In Case You Missed It
Or as I'm calling the combined team, "Huck Norris."
Anyway. If Huckabee wins, you know he's going to appoint Chuck to secretary of something. My guess is Secretary of Defense (which he'll promptly rename, "Secretary of Whoop A$$").
Somewhere in a cave in Pakistan, bin Laden is afraid.
You should be, Osama.
You should be.
9 comments:
Didn't he say - "A true soldier fights not because he hates those who are in front of him, but because he loves those who are behind him."
Now I come to look at it, Chuck (directly behind him) does seem to be gazing at him adoringly.
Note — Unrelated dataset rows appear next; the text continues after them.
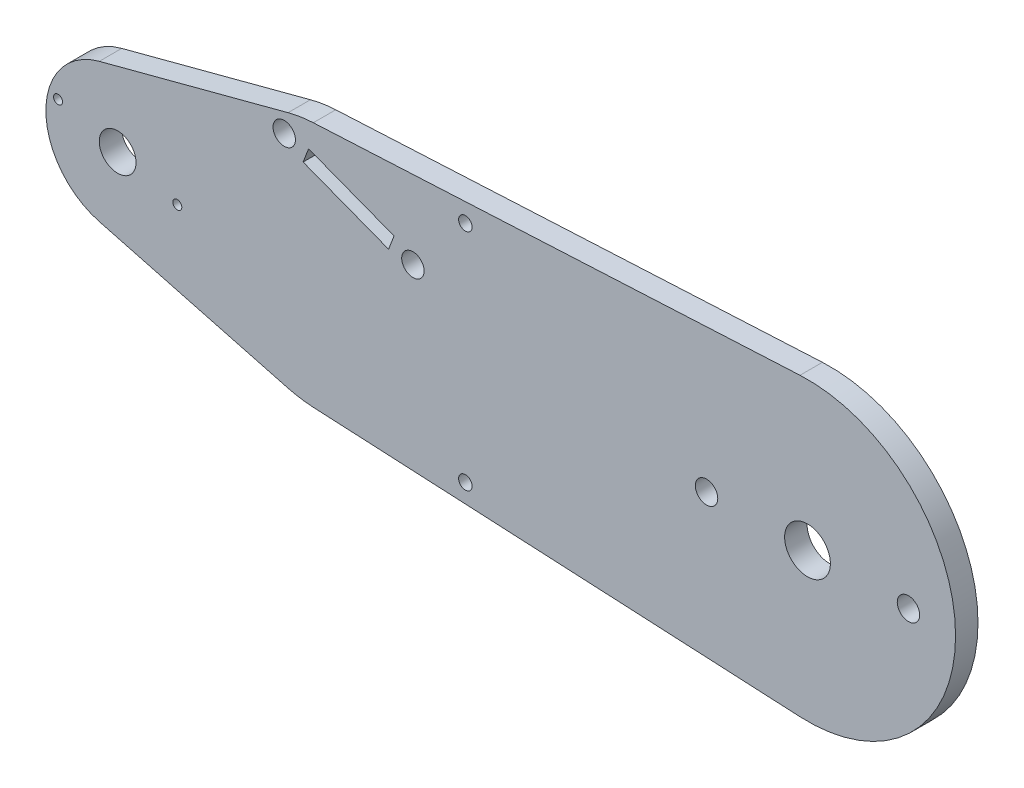
from build123d import *

# Parameters (mm, degrees)
SKETCH1_R           = 16
SKETCH1_R_2         = 4.1
SKETCH1_R_3         = 5.1
BOSS_EXTRUDE1_DEPTH = 5
SKETCH7_R           = 2.5
CUT_EXTRUDE1_DEPTH  = 7
BOSS_EXTRUDE6_DEPTH = 8
SKETCH9_R           = 1.5
CUT_EXTRUDE2_DEPTH  = 6
SKETCH10_R          = 2.5
BOSS_EXTRUDE7_DEPTH = 5
CUT_EXTRUDE4_START  = -10
SKETCH12_R          = 2.5
CUT_EXTRUDE4_DEPTH  = 10
SKETCH11_R          = 1
CUT_EXTRUDE3_DEPTH  = 6
CUT_EXTRUDE5_START  = 5
CUT_EXTRUDE5_DEPTH  = 5


with BuildPart() as part:
    # Sketch1 → Boss-Extrude1 (new body)
    # profile 1 of 3: a face of its own
    with BuildSketch(Plane.XY):
        with BuildLine():
            ThreePointArc((-63.902777778, -26.586845234), (-84.375, 0), (-63.902777778, 26.586845234))
            Line((-63.902777778, 26.586845234), (-105.963888889, 15.468709954))
            ThreePointArc((-105.963888889, 15.468709954), (-92.113397217, 12.677188612), (-85.875, 0))
            ThreePointArc((-85.875, 0), (-92.113397217, -12.677188612), (-105.963888889, -15.468709954))
            Line((-105.963888889, -15.468709954), (-63.902777778, -26.586845234))
        make_face()
    # profile 2 of 3: a face of its own
    with BuildSketch(Plane.XY):
        with Locations((-101.875, 0)):
            Circle(SKETCH1_R)
        with Locations((-101.875, 0)):
            Circle(SKETCH1_R_2, mode=Mode.SUBTRACT)
    # profile 3 of 3: a face of its own
    with BuildSketch(Plane.XY):
        with BuildLine():
            Line((-58.265804598, 27.46480771), (50.206034483, 32.957769253))
            ThreePointArc((50.206034483, 32.957769253), (84.875, 0), (50.206034483, -32.957769253))
            Line((50.206034483, -32.957769253), (-58.265804598, -27.46480771))
            ThreePointArc((-58.265804598, -27.46480771), (-84.375, 0), (-58.265804598, 27.46480771))
        make_face()
        with Locations((51.875, 0)):
            Circle(SKETCH1_R_3, mode=Mode.SUBTRACT)
    extrude(amount=BOSS_EXTRUDE1_DEPTH)

    # Sketch7 → Cut-Extrude1 (cut)
    with BuildSketch(Plane.XY.offset(5)):
        with Locations((29.375, 0)):
            Circle(SKETCH7_R)
        with Locations((74.375, 0)):
            Circle(SKETCH7_R)
    extrude(amount=-CUT_EXTRUDE1_DEPTH, mode=Mode.SUBTRACT)

    # Sketch8 → Boss-Extrude6 (add)
    with BuildSketch(Plane.XY.offset(5)):
        Polygon((-26.375, 28.464101615), (-28.375, 25), (-26.375, 21.535898385), (-22.375, 21.535898385), (-20.375, 25), (-22.375, 28.464101615), align=None)
        Polygon((-25.991580754, 27.8), (-27.608161507, 25), (-25.991580754, 22.2), (-22.758419246, 22.2), (-21.141838493, 25), (-22.758419246, 27.8), align=None, mode=Mode.SUBTRACT)
    boss_extrude6 = extrude(amount=-BOSS_EXTRUDE6_DEPTH)

    # Sketch9 → Cut-Extrude2 (cut)
    with BuildSketch(Plane.XY.offset(5)):
        with Locations((-24.375, 25)):
            Circle(SKETCH9_R)
    cut_extrude2 = extrude(amount=-CUT_EXTRUDE2_DEPTH, mode=Mode.SUBTRACT)

    # Mirror1: Boss-Extrude6 across plane
    add(boss_extrude6.mirror(Plane.ZX))

    # Mirror2: Cut-Extrude2 across plane
    add(cut_extrude2.mirror(Plane.ZX), mode=Mode.SUBTRACT)

    # Sketch10 → Boss-Extrude7 (add)
    with BuildSketch(Plane.XY.offset(5)):
        with Locations((-36.06831441, 11.178241177)):
            Circle(SKETCH10_R)
        with Locations(Location((-64.742423683, 22.173717984, 0), (0, 0, 180))):
            Circle(SKETCH10_R)
        Polygon((-41.60537748, 11.695000918), (-60.279486753, 18.855841852), (-59.205360613, 21.656958243), (-40.53125134, 14.496117309), align=None)
    extrude(amount=BOSS_EXTRUDE7_DEPTH)

    # Sketch12 → Cut-Extrude4 (cut)
    with BuildSketch(Plane.XY.offset(10).offset(CUT_EXTRUDE4_START)):
        with Locations((-36.06831441, 11.178241177)):
            Circle(SKETCH12_R)
        with Locations((-64.742423683, 22.173717984)):
            Circle(SKETCH12_R)
        Polygon((-59.320493296, 21.915307745), (-40.272901838, 14.611249993), (-41.490244797, 11.436651416), (-60.537836255, 18.740709168), align=None)
    extrude(amount=CUT_EXTRUDE4_DEPTH, mode=Mode.SUBTRACT)

    # Sketch11 → Cut-Extrude3 (cut)
    with BuildSketch(Plane.XY.offset(5)):
        with Locations((-88.581577383, -3.513888889)):
            Circle(SKETCH11_R)
        with Locations((-115.168422617, 3.513888889)):
            Circle(SKETCH11_R)
    extrude(amount=-CUT_EXTRUDE3_DEPTH, mode=Mode.SUBTRACT)

    # Sketch13 → Cut-Extrude5 (cut)
    with BuildSketch(Plane(origin=(0, 0, 0), x_dir=(-1, 0, 0), z_dir=(0, 0, -1)).offset(CUT_EXTRUDE5_START)):
        with BuildLine():
            Line((105.963888889, 15.468709954), (63.902777778, 26.586845234))
            ThreePointArc((63.902777778, 26.586845234), (61.107119662, 27.172397082), (58.265804598, 27.46480771))
            Line((58.265804598, 27.46480771), (-50.206034483, 32.957769253))
            ThreePointArc((-50.206034483, 32.957769253), (-84.875, 0), (-50.206034483, -32.957769253))
            Line((-50.206034483, -32.957769253), (58.265804598, -27.46480771))
            ThreePointArc((58.265804598, -27.46480771), (61.107119662, -27.172397082), (63.902777778, -26.586845234))
            Line((63.902777778, -26.586845234), (105.963888889, -15.468709954))
            ThreePointArc((105.963888889, -15.468709954), (117.875, 0), (105.963888889, 15.468709954))
        make_face()
    extrude(amount=-CUT_EXTRUDE5_DEPTH, mode=Mode.SUBTRACT)


solid = part.part
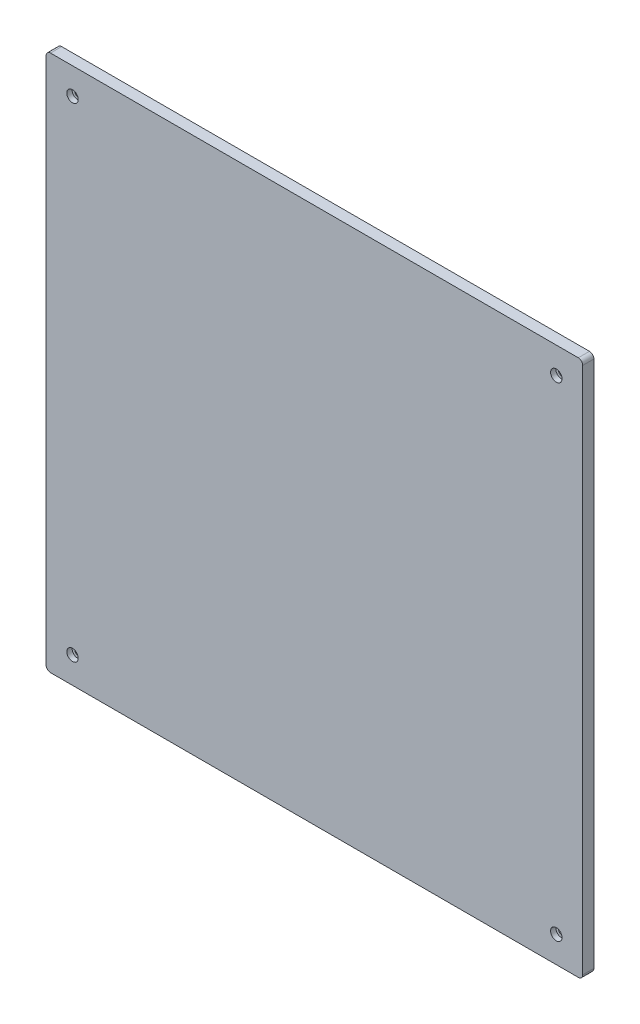
from build123d import *

# Parameters (mm, degrees)
SKETCH1_W                      = 304.8
SKETCH1_H                      = 304.8
BOSS_EXTRUDE1_DEPTH            = 6.35
CBORE_FOR_M3_SHCS1_D           = 3.4
CBORE_FOR_M3_SHCS1_CBORE_D     = 6.5
CBORE_FOR_M3_SHCS1_CBORE_DEPTH = 3
FILLET1_R                      = 2.5


with BuildPart() as part:
    # Sketch1 → Boss-Extrude1 (new body)
    with BuildSketch(Plane.XY):
        Rectangle(SKETCH1_W, SKETCH1_H)
    extrude(amount=BOSS_EXTRUDE1_DEPTH)

    # CBORE for M3 SHCS1 (through all)
    with Locations(Plane.XY.offset(6.35)):
        with Locations((137.4, 137.4), (-137.4, -137.4), (137.4, -137.4), (-137.4, 137.4)):
            CounterBoreHole(CBORE_FOR_M3_SHCS1_D / 2, CBORE_FOR_M3_SHCS1_CBORE_D / 2, CBORE_FOR_M3_SHCS1_CBORE_DEPTH)

    # Fillet1
    fillet1_edges = [part.edges().sort_by_distance(p)[0] for p in [
        (152.4, -152.4, 3.175),
        (-152.4, -152.4, 3.175),
        (-152.4, 152.4, 3.175),
        (152.4, 152.4, 3.175),
    ]]
    fillet(fillet1_edges, radius=FILLET1_R)


solid = part.part
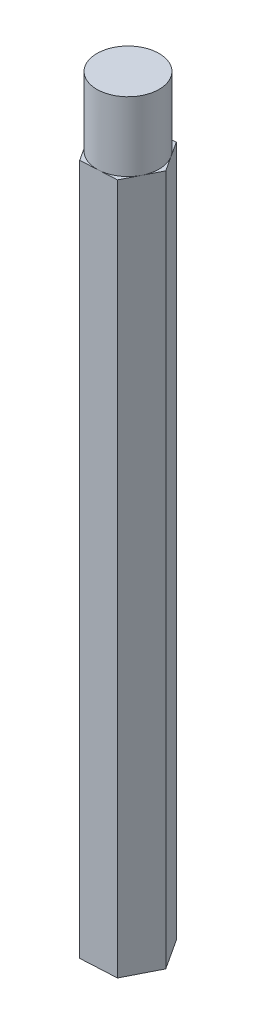
from build123d import *

# Parameters (mm, degrees)
BOSS_EXTRUDE1_DEPTH = 50.8
SKETCH1_3_R         = 2.286
BOSS_EXTRUDE2_DEPTH = 55.88


with BuildPart() as part:
    # Sketch1 → Boss-Extrude1 (new body)
    with BuildSketch(Plane(origin=(0, 0, 0), x_dir=(1, 0, 0), z_dir=(0, 1, 0))):
        Polygon((1.43881726, -2.213037029), (2.635954917, 0.139533783), (1.197137657, 2.352570813), (-1.43881726, 2.213037029), (-2.635954917, -0.139533783), (-1.197137657, -2.352570813), align=None)
    extrude(amount=BOSS_EXTRUDE1_DEPTH)

    # Sketch1<3> → Boss-Extrude2 (add)
    with BuildSketch(Plane(origin=(0, 0, 0), x_dir=(1, 0, 0), z_dir=(0, 1, 0))):
        Circle(SKETCH1_3_R)
    extrude(amount=BOSS_EXTRUDE2_DEPTH)


solid = part.part
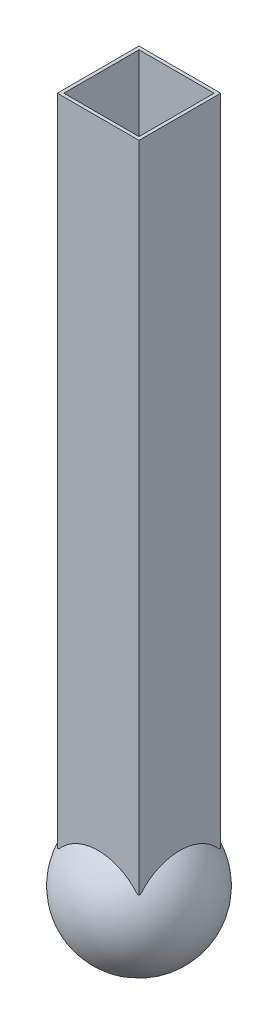
from build123d import *

# Parameters (mm, degrees)
SKETCH1_W           = 25
SKETCH1_H           = 25
SKETCH1_W_2         = 23
SKETCH1_H_2         = 23
BOSS_EXTRUDE1_DEPTH = 200


with BuildPart() as part:
    # Sketch1 → Boss-Extrude1 (new body)
    with BuildSketch(Plane(origin=(0, 0, 0), x_dir=(1, 0, 0), z_dir=(0, 1, 0))):
        Rectangle(SKETCH1_W, SKETCH1_H)
        Rectangle(SKETCH1_W_2, SKETCH1_H_2, mode=Mode.SUBTRACT)
    extrude(amount=BOSS_EXTRUDE1_DEPTH)

    # Sketch2 → Revolve1 (revolve)
    with BuildSketch(Plane(origin=(0, -10, 0), x_dir=(-1, 0, 0), z_dir=(0, -1, 0))):
        with BuildLine():
            Line((0, 19), (0, 20))
            ThreePointArc((0, 20), (-20, 0), (0, -20))
            Line((0, -20), (0, -19))
            ThreePointArc((0, -19), (-19, 0), (0, 19))
        make_face()
    revolve(axis=Axis((0, -10, -20), (0, 0, 1)))


solid = part.part
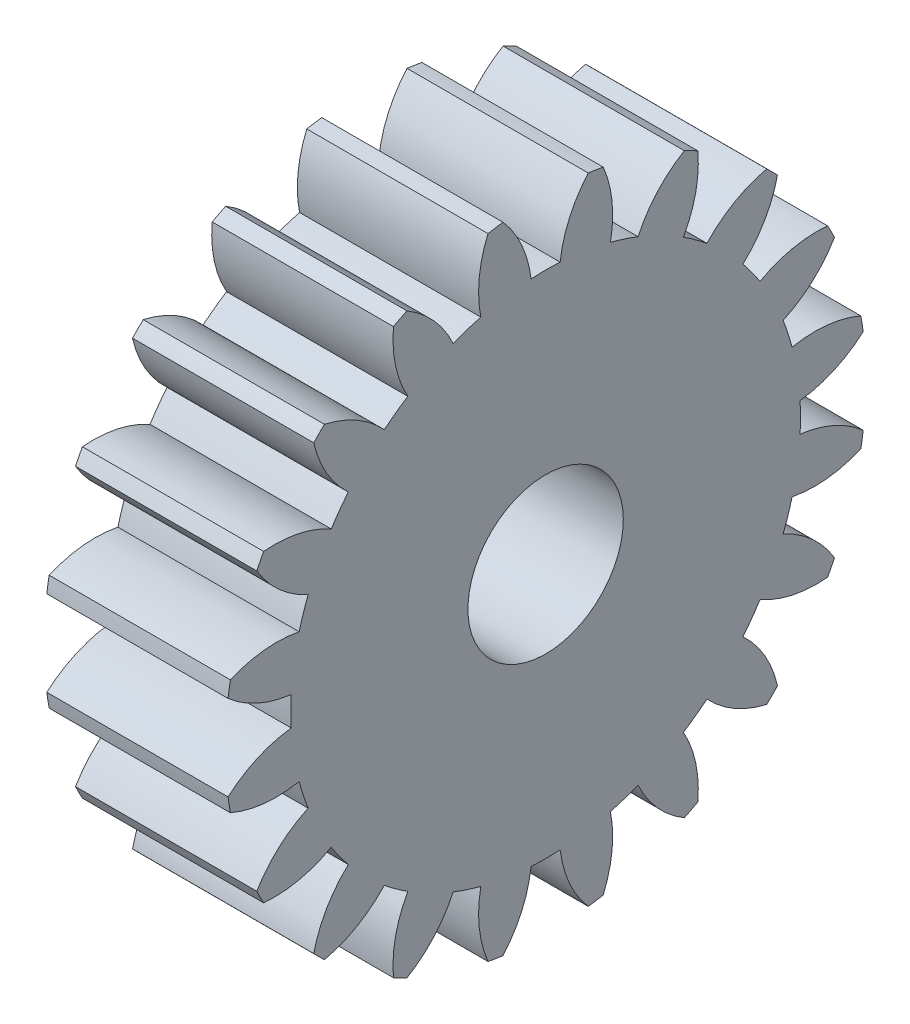
from build123d import *

# Parameters (mm, degrees)
BASPROSKE_W         = 7
BASPROSKE_H         = 12.375
TOOTHCUT_DEPTH      = 19.848905804
TEETHCUTS_COUNT     = 20
BORSKE_R            = 3
BORE_DEPTH          = 50.0000508
SKETCH1_R           = 3
BOSS_EXTRUDE1_DEPTH = 7
CUT_EXTRUDE1_DEPTH  = 7
SKETCH3_R           = 3
CUT_EXTRUDE2_DEPTH  = 7


with BuildPart() as part:
    # BasProSke → Base-Revolve (revolve)
    with BuildSketch(Plane(origin=(0, 0, 0), x_dir=(1, 0, 0), z_dir=(0, 1, 0)), mode=Mode.PRIVATE) as base_revolve_sk:
        with Locations((3.5, 6.1875)):
            Rectangle(BASPROSKE_W, BASPROSKE_H)
    revolve(base_revolve_sk.sketch.rotate(Axis((-10, 0, 0), (1, 0, 0)), 180), axis=Axis((-10, 0, 0), (1, 0, 0)))

    # TooCutSke → ToothCut (cut, through all)
    with BuildSketch(Plane(origin=(0, 0, 0), x_dir=(0, 0, -1), z_dir=(1, 0, 0))):
        with BuildLine():
            ThreePointArc((0.561279811, 9.826733564), (0, 9.84275), (-0.561279811, 9.826733564))
            ThreePointArc((-0.561279811, 9.826733564), (-0.925277854, 11.14210546), (-1.666860651, 12.287859689))
            ThreePointArc((-1.666860651, 12.287859689), (0, 12.4004), (1.666860651, 12.287859689))
            ThreePointArc((1.666860651, 12.287859689), (0.925277854, 11.14210546), (0.561279811, 9.826733564))
        make_face()
    toothcut = extrude(amount=TOOTHCUT_DEPTH, mode=Mode.SUBTRACT)

    # TeethCuts: ToothCut ×20 about axis
    teethcuts_axis = Axis((0, 0, 0), (1, 0, 0))
    for i in range(1, TEETHCUTS_COUNT):
        add(toothcut.rotate(teethcuts_axis, i * 360 / TEETHCUTS_COUNT), mode=Mode.SUBTRACT)

    # BorSke → Bore (cut, symmetric)
    with BuildSketch(Plane(origin=(0, 0, 0), x_dir=(0, 0, -1), z_dir=(1, 0, 0))):
        with Locations(Location((0, 0, 0), (0, 0, 180))):
            Circle(BORSKE_R)
    extrude(amount=BORE_DEPTH, both=True, mode=Mode.SUBTRACT)

    # Sketch1 → Boss-Extrude1 (add)
    with BuildSketch(Plane(origin=(7, 0, 0), x_dir=(0, 0, -1), z_dir=(1, 0, 0))):
        Circle(SKETCH1_R)
    extrude(amount=-BOSS_EXTRUDE1_DEPTH)

    # Sketch2 → Cut-Extrude1 (cut)
    with BuildSketch(Plane(origin=(7, 0, 0), x_dir=(0, 0, -1), z_dir=(1, 0, 0))):
        with BuildLine():
            ThreePointArc((1.8, 2.01246118), (0, 2.7), (-1.8, 2.01246118))
            Line((-1.8, 2.01246118), (-1.8, 0))
            Line((-1.8, 0), (1.8, 0))
            Line((1.8, 0), (1.8, 2.01246118))
        make_face()
        with BuildLine():
            Line((1.8, 0), (-1.8, 0))
            Line((-1.8, 0), (-1.8, -2.01246118))
            ThreePointArc((-1.8, -2.01246118), (0, -2.7), (1.8, -2.01246118))
            Line((1.8, -2.01246118), (1.8, 0))
        make_face()
    extrude(amount=-CUT_EXTRUDE1_DEPTH, mode=Mode.SUBTRACT)

    # Sketch3 → Cut-Extrude2 (cut)
    with BuildSketch(Plane(origin=(7, 0, 0), x_dir=(0, 0, -1), z_dir=(1, 0, 0))):
        Circle(SKETCH3_R)
    extrude(amount=-CUT_EXTRUDE2_DEPTH, mode=Mode.SUBTRACT)


solid = part.part

I'm scared enough for all of us.
Shoot, I'm waiting for Gov. Conan the Barbarian to weigh in w/ HIS republican endorsement!
I like Mike.
With Chuck on his side, we should all be afraid...
~BPP
Question:
If Chuck Norris was Rocky Balboa's opponent in Rocky IV, who would've won?
Oh yeah. And..
How much wood would a wood chuck chuck if a wood chuck were Chuck Norris?
All of it.
a few years ago i NEVER missed the Saturday evening episode of TEXAS RANGERS. giggle.
I'm hoping he is asked to run the Federal Drug Administration. Because we ALL know that Chuck Norris' tears can cure cancer.
Too bad he never cries.
Glencross - Yeah, kind of creepy... huh?
Tara - I think it's hilarious. I mean, I'm sure Chuck's a great guy and, honestly, seeing him behind Huckabee might actually help generate "support" from people who want to goof on the whole situation. Odd as that may seem.
M@ - A friend of mine said this means Romney needs to seek the support of Jackie Chan if he's to stay in the running.
BPP - And we are!
Woodrow Part I - You need to ask? :)
Pamela - Oh, man, my mom loved that show! And Chuck Norris.
=) - That's one of my favorite "facts." Thanks!